Psy-Insight: Explainable Multi-turn Bilingual Dataset for Mental Health Counseling
Keqi Chen, Zekai Sun, Yuhua Wen, Huijun Lian, Yingming Gao, Ya Li
TL;DR
Psy-Insight introduces a bilingual, explainable multi-turn counseling dataset annotated with turn-level reasoning and session-level guidance to train empathetic mental health LLMs. By crawling real-world dialogues and mapping rich descriptive text to multi-task labels across emotion, psychotherapy, strategy, and topics, the dataset enables chain-of-thought reasoning and retrieved-argument generation. Evaluations—automatic and human—show that fine-tuning models on Psy-Insight improves generation quality and counseling-related reasoning, though still leaves a gap to professional therapists. The work provides a foundation for cross-cultural mental health AI, multi-task learning, and future enhancements via reinforcement learning with expert feedback.
Abstract
The in-context learning capabilities of large language models (LLMs) show great potential in mental health support.

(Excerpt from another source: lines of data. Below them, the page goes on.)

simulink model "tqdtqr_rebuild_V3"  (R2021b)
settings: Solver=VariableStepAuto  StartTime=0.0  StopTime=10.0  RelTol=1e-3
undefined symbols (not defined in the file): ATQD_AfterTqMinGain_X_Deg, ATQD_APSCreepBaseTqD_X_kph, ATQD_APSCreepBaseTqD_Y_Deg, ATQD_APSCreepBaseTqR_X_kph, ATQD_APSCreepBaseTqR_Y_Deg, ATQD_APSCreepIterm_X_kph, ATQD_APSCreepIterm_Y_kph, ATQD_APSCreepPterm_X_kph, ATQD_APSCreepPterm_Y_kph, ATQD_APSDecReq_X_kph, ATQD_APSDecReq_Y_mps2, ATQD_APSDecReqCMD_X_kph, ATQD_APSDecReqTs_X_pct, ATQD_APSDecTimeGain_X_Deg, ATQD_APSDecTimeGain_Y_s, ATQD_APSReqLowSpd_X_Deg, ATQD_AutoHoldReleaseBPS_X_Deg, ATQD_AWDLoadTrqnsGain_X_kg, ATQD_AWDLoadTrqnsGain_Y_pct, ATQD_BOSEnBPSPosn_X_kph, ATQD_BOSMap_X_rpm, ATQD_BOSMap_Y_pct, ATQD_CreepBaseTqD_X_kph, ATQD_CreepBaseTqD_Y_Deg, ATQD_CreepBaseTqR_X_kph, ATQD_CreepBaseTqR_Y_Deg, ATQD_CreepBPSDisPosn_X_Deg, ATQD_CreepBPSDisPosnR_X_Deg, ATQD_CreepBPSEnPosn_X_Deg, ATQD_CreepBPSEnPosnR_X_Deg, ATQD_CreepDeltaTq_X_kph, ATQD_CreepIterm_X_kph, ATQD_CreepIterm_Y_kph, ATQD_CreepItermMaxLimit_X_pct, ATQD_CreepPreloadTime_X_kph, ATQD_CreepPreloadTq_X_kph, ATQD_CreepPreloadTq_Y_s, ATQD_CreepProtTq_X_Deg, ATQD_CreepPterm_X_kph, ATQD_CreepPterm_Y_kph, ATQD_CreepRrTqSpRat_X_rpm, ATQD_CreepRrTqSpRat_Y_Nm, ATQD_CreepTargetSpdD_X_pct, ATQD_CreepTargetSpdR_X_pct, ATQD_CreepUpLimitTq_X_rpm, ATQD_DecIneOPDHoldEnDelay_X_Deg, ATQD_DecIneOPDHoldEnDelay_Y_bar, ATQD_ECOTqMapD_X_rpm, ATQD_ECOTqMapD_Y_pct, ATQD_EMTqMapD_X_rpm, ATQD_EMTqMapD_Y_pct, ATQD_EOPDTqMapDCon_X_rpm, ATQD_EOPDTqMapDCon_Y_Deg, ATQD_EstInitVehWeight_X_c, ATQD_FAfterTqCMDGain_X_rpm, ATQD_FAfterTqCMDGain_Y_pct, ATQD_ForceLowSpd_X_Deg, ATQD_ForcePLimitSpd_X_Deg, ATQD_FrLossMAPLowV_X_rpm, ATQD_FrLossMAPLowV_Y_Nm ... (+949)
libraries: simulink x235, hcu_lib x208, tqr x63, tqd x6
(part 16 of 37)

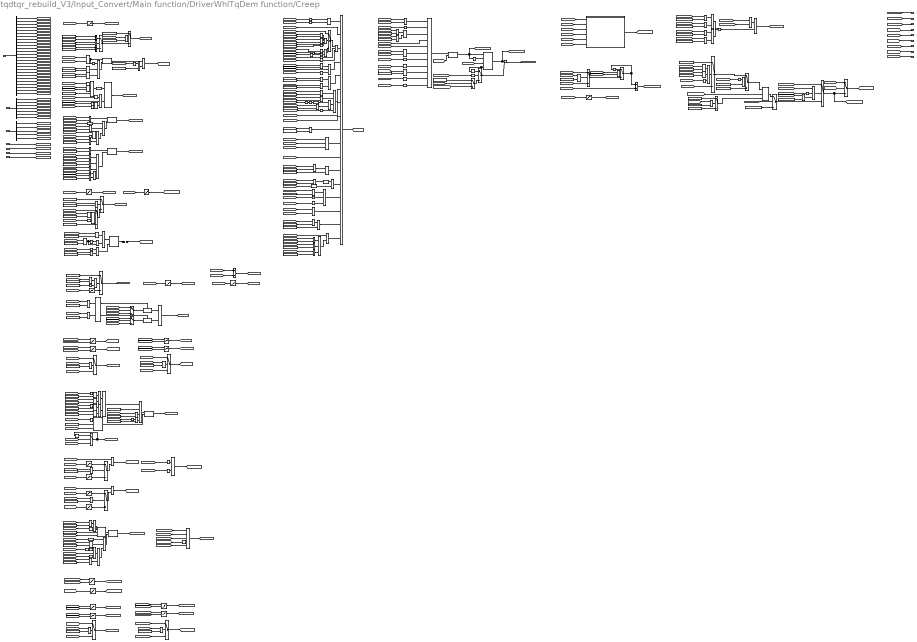
== system tqdtqr_rebuild_V3/Input_Convert/Main function/DriverWhlTqDem function/Creep ==
  note: Calculate creep torque with offset
  note: Creep control reset offset torque
  note: Creep Tq determination
  note: Creep enable parameters
  note: Creep disable parameters
  note: Output final creep torque
  note: Protection condition
  note: Determine brake pedal depth
  note: PI control get torque offset
  note: Preload torque / protect torque
  note: Calculate I value with vehicle speed and error speed
  note: Calculate P value with vehicle speed and error speed
  note: Calculate torque shift R with road slope
  note: Caluclate torque in shift D with road slope
  note: Get error speed from creep speed and vehicle speed
  note: Detemine slope degree
  note: Creep disable judgement
  note: Wheel Status Disable Creep Judgment
  note: Creep enable judgement
  note: calculate creep final speed
  note: Parameters
  note: Creep disable and enable
  note: Creep Tq calculation
  note: Creep offset Tq calculation
  BSCPIn_outputs : Inport
  BSignalConvert_outputs : Inport  Port=2
  BFunction_outputs : Inport  Port=3
  VTQD_PedalMapWhlTq_Nm : Inport  Port=4
  VTQD_LoSpdBrkCtrl_flg : Inport  Port=5
  VTQD_PreLoadPreEn_flg : Inport  Port=6
  VTQD_PedAccTqEn_flg : Inport  Port=7
  AND{,4..7,11..12,15,17,19..26,29} (18 alike) : Logic  AllPortsSameDT=off  OutDataTypeStr=boolean
  AND{1..3,8,13..14,18} (7 alike) : Logic  Inputs=3  AllPortsSameDT=off  OutDataTypeStr=boolean
  AND16 : Logic  Operator=OR  Inputs=3  AllPortsSameDT=off  OutDataTypeStr=boolean
  AND27 : Logic  Inputs=4  AllPortsSameDT=off  OutDataTypeStr=boolean
  Abs : Abs
  Add : Sum  Inputs=+-
  Add1 : Sum
  Add2 : Sum
  Add4 : Sum
  Bus Selector : BusSelector  OutputSignals=VTQD_LowIdleAccPedal_flg,VINP_VehSpeed_kph,VINP_AVHActive_flg,VTQD_ActBPSPosn_pct,VINP_RrRBCActive_flg,VINP_FrEDURealTMTq_Nm,VINP_RrEDURealTMTq_Nm,VINP_FrRBCActive_flg,VVMC_ADASActive_flg,task_time_s,VVMC_APSSpeedCMD_kph,VVMC_APSActive_flg,VVMC_APSReq_enum,VVMC_EstSlope_Deg,VPMM_PowerSta_enum,VINP_EPBSta_enum,VTQD_ActAPSPosn_pct,VVMC_CAASActive_flg,VINP_FrPTCSActive_flg,VINP_RrPTCSActive_flg,VDDM_EPB1Err_flg,VDDM_ESC5Err_flg,VDDM_EPBSigErrCFS_flg,VDDM_VehMalfunLevel_enum,VTQD_LimpHomeAct_flg,VDDM_VCURAPSErrLv2_flg
  Bus Selector1 : BusSelector  OutputSignals=VTQD_RegenMode_enum,VTQD_TMRotateDirction_enum,VTQD_RDCActive_enum,VTQD_BrkSwSta_flg,VTQD_VehActSpd_kph,VTQD_TqTargetShaftSpd_rpm,VTQD_CreepON_flg
  Bus Selector2 : BusSelector  OutputSignals=VTQD_GearActualPosn_enum,VTQD_ActWhlSkipSta_enum,VTQD_APSReq_enum,VTQD_APSReqTimer_s,VTQD_OPDHoldEnRel_flg
  Constant1 : Constant  Value=KTQD_APSCMDEnCreepSpd_kph
  Constant{10..12,21,25,58,62,82} (8 alike) : Constant  Value=ENUM_GEARACTUALPOSN_D
  Constant13 : Constant  Value=KTQD_CreepEnableSpd_kph
  Constant14 : Constant  Value=KTQD_APSCreepLowLimitTq_Nm
  Constant15 : Constant  Value=ZERO_FLOAT
  Constant17 : Constant  Value=ENUM_RDCACTSTA_NOREQUEST
  Constant18 : Constant  Value=ENUM_APSREQ_DECELCTRL  OutDataTypeStr=uint8
  Constant{2,9,20,35..36,38,42..44,49,81} (11 alike) : Constant  Value=ENUM_GEARACTUALPOSN_R
  Constant22 : Constant  Value=KTQD_CreepLowLimitTq_Nm
  Constant23 : Constant  Value=KTQD_CreepPrLoadEnSpd_kph
  Constant24 : Constant  Value=ENUM_RDCACTSTA_NOREQUEST
  Constant26 : Constant  Value=KTQD_CreepDisableSpdofst_kph
  Constant27 : Constant  Value=KTQD_CreepEnableSpdR_kph
  Constant28 : Constant  Value=KTQD_CreepDisableSpdofstR_kph
  Constant29 : Constant  Value=KTQD_CreepEnableSpdR_kph
  Constant{3,87..90} (5 alike) : Constant  Value=KTQD_APSCreepParOvrd_flg
  Constant37 : Constant  Value=ENUM_TMROTATEDIRECTACT_REVERSE  OutDataTypeStr=Inherit: Inherit via back propagation
  Constant39 : Constant  Value=ENUM_TMROTATEDIRECTACT_FORWARD  OutDataTypeStr=Inherit: Inherit via back propagation
  Constant{4,8,52,54,59,64} (6 alike) : Constant  Value=ENUM_REGENLEVEL_OPD
  Constant40 : Constant  Value=KTQD_RBCCreepRecTq_Nm
  Constant41 : Constant  Value=KTQD_RBCCreepRecTq_Nm
  Constant45 : Constant  Value=ENUM_POWERSTA_READY
  Constant46 : Constant  Value=KTQD_CreepEnableSpd_kph
  Constant5 : Constant  Value=ENUM_APSREQ_BRKHOLD  OutDataTypeStr=uint8
  Constant50 : Constant  Value=KTQD_OPDCreepTargetSpdD_kph
  Constant51 : Constant  Value=KTQD_APSReqDisCreep_flg  OutDataTypeStr=uint8
  Constant53 : Constant  Value=KTQD_APSReqDelayTime_s
  Constant55 : Constant  Value=ENUM_EPBSTA_APPLIED  OutDataTypeStr=uint8
  Constant56 : Constant  Value=KTQD_APSReqDisCreep_flg
  Constant6 : Constant  Value=ENUM_GEARACTUALPOSN_P
  Constant60 : Constant  Value=KTQD_OPDCreepDUpLimitTq_Nm
  Constant61 : Constant  Value=KTQD_CreepDisPedTqSpd_kph
  Constant63 : Constant  Value=KTQD_CreepAPSPosn2Launch_pct
  Constant65 : Constant  Value=ENUM_APSREQ_DECELCTRL  OutDataTypeStr=uint8
  Constant66 : Constant  Value=KTQD_TCSCreepDisSpdSW_flg
  Constant67 : Constant  Value=KTQD_TCSCreepDisSpd_kph
  Constant68 : Constant  Value=ENUM_SKIPDISCREEP_LOW
  Constant69 : Constant  Value=KTQD_LowSkipDisCreepDelay_s
  Constant7 : Constant  Value=ENUM_GEARACTUALPOSN_N
  Constant70 : Constant  Value=ENUM_EPBSTA_APPLIED
  Constant71 : Constant  Value=ENUM_SKIPDISCREEP_MEDIUM
  Constant72 : Constant  Value=ENUM_EPBSTA_APPLIED
  Constant73 : Constant  Value=ENUM_SKIPDISCREEP_NORMAL
  Constant74 : Constant  Value=ENUM_SKIPDISCREEP_NORMAL
  Constant75 : Constant  Value=ENUM_SKIPDISCREEP_HIGH
  Constant76 : Constant  Value=ENUM_GEARACTUALPOSN_N
  Constant77 : Constant  Value=ENUM_GEARACTUALPOSN_P
  Constant78 : Constant  Value=ENUM_EPBSTA_APPLIED
  Constant79 : Constant  Value=ENUM_SKIPDISCREEP_NORMAL
  Constant80 : Constant  Value=KTQD_RAPSCreepPreloadSetTime_s
  Constant83 : Constant  Value=KTQD_CreepSlopeLatchSW_flg
  Constant84 : Constant  Value=KTQD_CreepGradeLatchSpd_kph
  Constant85 : Constant  Value=KTQD_CreepLatchGradeDev_Deg
  Constant86 : Constant  Value=KTQD_CreepGradeRecTime_s
  Constant91 : Constant  Value=KTQD_TCSCreepSW_flg
  Constant93 : Constant  Value=KTQD_MALCreepUpLimitTq_Nm
  Constant94 : Constant  Value=ENUM_VEHMALFUNLEVEL_LEVEL3
  Constant97 : Constant  Value=KTQD_FailsafeActiveSW_flg
  Constant98 : Constant  Value=KTQD_FailsafeActiveSW_flg
  Constant99 : Constant  Value=KTQD_FailsafeActiveSW_flg
  Data Type Conversion : DataTypeConversion
  Delay : Delay  DelayLength=1
  Delay1 : Delay  DelayLength=1
  Delay10 : Delay  DelayLength=1  InitialCondition=single(0)
      settings: AttributesFormatString=%<InitialCondition>
  Delay{2..3,6..7} (4 alike) : Delay  DelayLength=1  InitialCondition=boolean(0)
      settings: AttributesFormatString=%<InitialCondition>
  Delay4 : Delay  DelayLength=1  InitialCondition=uint8 (0)
      settings: AttributesFormatString=%<InitialCondition>
  Delay5 : Delay  DelayLength=1  InitialCondition=uint8 (0)
      settings: AttributesFormatString=%<InitialCondition>
  Delay8 : Delay  DelayLength=1  InitialCondition=boolean (0)
      settings: AttributesFormatString=%<InitialCondition>
  Delay9 : Delay  DelayLength=1  InitialCondition=single (0)
      settings: AttributesFormatString=%<InitialCondition>
  DelayEnable : hcu_lib/Basic_Blocks/DelayEnable
  DelayEnable1 : hcu_lib/Basic_Blocks/DelayEnable
  Detect Change : simulink/Logic and Bit Operations/Detect Change  vinit=0  OutDataTypeStr=boolean
  Detect Change1 : simulink/Logic and Bit Operations/Detect Change  vinit=0  OutDataTypeStr=boolean
  Detect Change2 : simulink/Logic and Bit Operations/Detect Change  vinit=0  OutDataTypeStr=boolean
  Detect Increase : simulink/Logic and Bit Operations/Detect Increase  vinit=0  OutDataTypeStr=boolean
  Detect Increase1 : simulink/Logic and Bit Operations/Detect Increase  vinit=0.0  OutDataTypeStr=boolean
  Equal{4,6..8,10..16,19..31,33..54} (46 alike) : RelationalOperator  Operator===  OutDataTypeStr=boolean  RndMeth=Simplest
  Equal17 : RelationalOperator  Operator=<=  OutDataTypeStr=boolean  RndMeth=Simplest
  Equal18 : RelationalOperator  Operator=~=  OutDataTypeStr=boolean  RndMeth=Simplest
  Equal32 : RelationalOperator  OutDataTypeStr=boolean  RndMeth=Simplest
  Equal5 : RelationalOperator  Operator=<=  OutDataTypeStr=boolean  RndMeth=Simplest
  Equal55 : RelationalOperator  OutDataTypeStr=boolean  RndMeth=Simplest
  Equal9 : RelationalOperator  Operator=<=  OutDataTypeStr=boolean  RndMeth=Simplest
  GreaterThan : RelationalOperator  Operator=>  OutDataTypeStr=boolean  RndMeth=Simplest
  GreaterThan1 : RelationalOperator  Operator=>  OutDataTypeStr=boolean  RndMeth=Simplest
  GreaterThan2 : RelationalOperator  OutDataTypeStr=boolean  RndMeth=Simplest
  GreaterThan3 : RelationalOperator  Operator=>  OutDataTypeStr=boolean  RndMeth=Simplest
  GreaterThan4 : RelationalOperator  Operator=<=  OutDataTypeStr=boolean  RndMeth=Simplest
  Ground2 : Ground
  If : If  NumInputs=2  IfExpression=u1 ~= 0  ElseIfExpressions=u2 ~= 0  ShowElse=off
  If Action Subsystem : Subsystem  TreatAsAtomicUnit=on
  If Action Subsystem1 : Subsystem  TreatAsAtomicUnit=on
  Logical Operator{,8..11} (5 alike) : Logic  Operator=NOT  AllPortsSameDT=off  OutDataTypeStr=boolean
  Logical Operator{4,6,15..16,18} (5 alike) : Logic  AllPortsSameDT=off  OutDataTypeStr=boolean
  Logical Operator3 : Logic  Inputs=11  AllPortsSameDT=off  OutDataTypeStr=boolean
  Logical Operator5 : Logic  Operator=OR  AllPortsSameDT=off  OutDataTypeStr=boolean
  Logical Operator7 : Logic  Inputs=3  AllPortsSameDT=off  OutDataTypeStr=boolean
  MTQD_APSCreepBaseTqD_Z_Nm : Lookup_n-D  BreakpointsForDimension1=ATQD_APSCreepBaseTqD_Y_Deg  BreakpointsForDimension2=ATQD_APSCreepBaseTqD_X_kph  Table=MTQD_APSCreepBaseTqD_Z_Nm  ExtrapMethod=Clip  InternalRulePriority=Speed  RndMeth=Simplest  InputSameDT=on
      settings: InputPortMap=u0,u1
  MTQD_APSCreepBaseTqR_Z_Nm : Lookup_n-D  BreakpointsForDimension1=ATQD_APSCreepBaseTqR_Y_Deg  BreakpointsForDimension2=ATQD_APSCreepBaseTqR_X_kph  Table=MTQD_APSCreepBaseTqR_Z_Nm  ExtrapMethod=Clip  InternalRulePriority=Speed  RndMeth=Simplest  InputSameDT=on
      settings: InputPortMap=u0,u1
  MTQD_APSCreepIterm_Z_Nm : Lookup_n-D  BreakpointsForDimension1=ATQD_APSCreepIterm_Y_kph  BreakpointsForDimension2=ATQD_APSCreepIterm_X_kph  Table=MTQD_APSCreepIterm_Z_Nm  ExtrapMethod=Clip  InternalRulePriority=Speed  RndMeth=Simplest  InputSameDT=on
      settings: InputPortMap=u0,u1
  MTQD_APSCreepPterm_Z_Nm : Lookup_n-D  BreakpointsForDimension1=ATQD_APSCreepPterm_Y_kph  BreakpointsForDimension2=ATQD_APSCreepPterm_X_kph  Table=MTQD_APSCreepPterm_Z_Nm  ExtrapMethod=Clip  InternalRulePriority=Speed  RndMeth=Simplest  InputSameDT=on
      settings: InputPortMap=u0,u1
  MTQD_CreepBPSDisPosnR_Y_pct : Lookup_n-D  NumberOfTableDimensions=1  BreakpointsForDimension1=ATQD_CreepBPSDisPosnR_X_Deg  Table=MTQD_CreepBPSDisPosnR_Y_pct  ExtrapMethod=Clip  InternalRulePriority=Speed  RndMeth=Simplest  InputSameDT=on
  MTQD_CreepBPSDisPosn_Y_pct : Lookup_n-D  NumberOfTableDimensions=1  BreakpointsForDimension1=ATQD_CreepBPSDisPosn_X_Deg  Table=MTQD_CreepBPSDisPosn_Y_pct  ExtrapMethod=Clip  InternalRulePriority=Speed  RndMeth=Simplest  InputSameDT=on
  MTQD_CreepBPSEnPosnR_Y_pct : Lookup_n-D  NumberOfTableDimensions=1  BreakpointsForDimension1=ATQD_CreepBPSEnPosnR_X_Deg  Table=MTQD_CreepBPSEnPosnR_Y_pct  ExtrapMethod=Clip  InternalRulePriority=Speed  RndMeth=Simplest  InputSameDT=on
  MTQD_CreepBPSEnPosn_Y_pct : Lookup_n-D  NumberOfTableDimensions=1  BreakpointsForDimension1=ATQD_CreepBPSEnPosn_X_Deg  Table=MTQD_CreepBPSEnPosn_Y_pct  ExtrapMethod=Clip  InternalRulePriority=Speed  RndMeth=Simplest  InputSameDT=on
  MTQD_CreepBaseTqD_Z_Nm : Lookup_n-D  BreakpointsForDimension1=ATQD_CreepBaseTqD_Y_Deg  BreakpointsForDimension2=ATQD_CreepBaseTqD_X_kph  Table=MTQD_CreepBaseTqD_Z_Nm  ExtrapMethod=Clip  InternalRulePriority=Speed  RndMeth=Simplest  InputSameDT=on
      settings: InputPortMap=u0,u1
  MTQD_CreepBaseTqR_Z_Nm : Lookup_n-D  BreakpointsForDimension1=ATQD_CreepBaseTqR_Y_Deg  BreakpointsForDimension2=ATQD_CreepBaseTqR_X_kph  Table=MTQD_CreepBaseTqR_Z_Nm  ExtrapMethod=Clip  InternalRulePriority=Speed  RndMeth=Simplest  InputSameDT=on
      settings: InputPortMap=u0,u1
  MTQD_CreepDeltaTq_Y_Nm : Lookup_n-D  NumberOfTableDimensions=1  BreakpointsForDimension1=ATQD_CreepDeltaTq_X_kph  Table=MTQD_CreepDeltaTq_Y_Nm  ExtrapMethod=Clip  InternalRulePriority=Speed  RndMeth=Simplest  InputSameDT=on
  MTQD_CreepIterm_Z_Nm : Lookup_n-D  BreakpointsForDimension1=ATQD_CreepIterm_Y_kph  BreakpointsForDimension2=ATQD_CreepIterm_X_kph  Table=MTQD_CreepIterm_Z_Nm  ExtrapMethod=Clip  InternalRulePriority=Speed  RndMeth=Simplest  InputSameDT=on
      settings: InputPortMap=u0,u1
  MTQD_CreepPrelaodTq_Z_Nm : Lookup_n-D  BreakpointsForDimension1=ATQD_CreepPreloadTq_Y_s  BreakpointsForDimension2=ATQD_CreepPreloadTq_X_kph  Table=MTQD_CreepPreloadTq_Z_Nm  ExtrapMethod=Clip  InternalRulePriority=Speed  RndMeth=Simplest  InputSameDT=on
      settings: InputPortMap=u0,u1
  MTQD_CreepPreloadTime_Y_s : Lookup_n-D  NumberOfTableDimensions=1  BreakpointsForDimension1=ATQD_CreepPreloadTime_X_kph  Table=MTQD_CreepPreloadTime_Y_s  ExtrapMethod=Clip  InternalRulePriority=Speed  RndMeth=Simplest  InputSameDT=on
  MTQD_CreepProtTq_Y_Nm : Lookup_n-D  NumberOfTableDimensions=1  BreakpointsForDimension1=ATQD_CreepProtTq_X_Deg  Table=MTQD_CreepProtTq_Y_Nm  ExtrapMethod=Clip  InternalRulePriority=Speed  RndMeth=Simplest  InputSameDT=on
  MTQD_CreepPterm_Z_Nm : Lookup_n-D  BreakpointsForDimension1=ATQD_CreepPterm_Y_kph  BreakpointsForDimension2=ATQD_CreepPterm_X_kph  Table=MTQD_CreepPterm_Z_Nm  ExtrapMethod=Clip  InternalRulePriority=Speed  RndMeth=Simplest  InputSameDT=on
      settings: InputPortMap=u0,u1
  "MTQD_CreepTargetSpdD_Y_kph " : Lookup_n-D  NumberOfTableDimensions=1  BreakpointsForDimension1=ATQD_CreepTargetSpdD_X_pct  Table=MTQD_CreepTargetSpdD_Y_kph  ExtrapMethod=Clip  InternalRulePriority=Speed  RndMeth=Simplest  InputSameDT=on
  MTQD_CreepTargetSpdR_Y_kph : Lookup_n-D  NumberOfTableDimensions=1  BreakpointsForDimension1=ATQD_CreepTargetSpdR_X_pct  Table=MTQD_CreepTargetSpdR_Y_kph  ExtrapMethod=Clip  InternalRulePriority=Speed  RndMeth=Simplest  InputSameDT=on
  MTQD_CreepUpLimitTq_Y_Nm : Lookup_n-D  NumberOfTableDimensions=1  BreakpointsForDimension1=ATQD_CreepUpLimitTq_X_rpm  Table=MTQD_CreepUpLimitTq_Y_Nm  ExtrapMethod=Clip  InternalRulePriority=Speed  RndMeth=Simplest  InputSameDT=on
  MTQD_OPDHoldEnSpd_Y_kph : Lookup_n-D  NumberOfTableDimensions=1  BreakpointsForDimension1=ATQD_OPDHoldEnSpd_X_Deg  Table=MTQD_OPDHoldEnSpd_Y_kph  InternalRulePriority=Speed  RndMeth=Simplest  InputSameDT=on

However, the lack of counseling datasets, particularly in Chinese corpora, restricts their application in this field. To address this, we constructed Psy-Insight, the first mental health-oriented explainable multi-task bilingual dataset. We collected face-to-face multi-turn counseling dialogues, which are annotated with multi-task labels and conversation process explanations. Our annotations include psychotherapy, emotion, strategy, and topic labels, as well as turn-level reasoning and session-level guidance. Psy-Insight is not only suitable for tasks such as label recognition but also meets the need for training LLMs to act as empathetic counselors through logical reasoning. Experiments show that training LLMs on Psy-Insight enables the models to not only mimic the conversation style but also understand the underlying strategies and reasoning of counseling.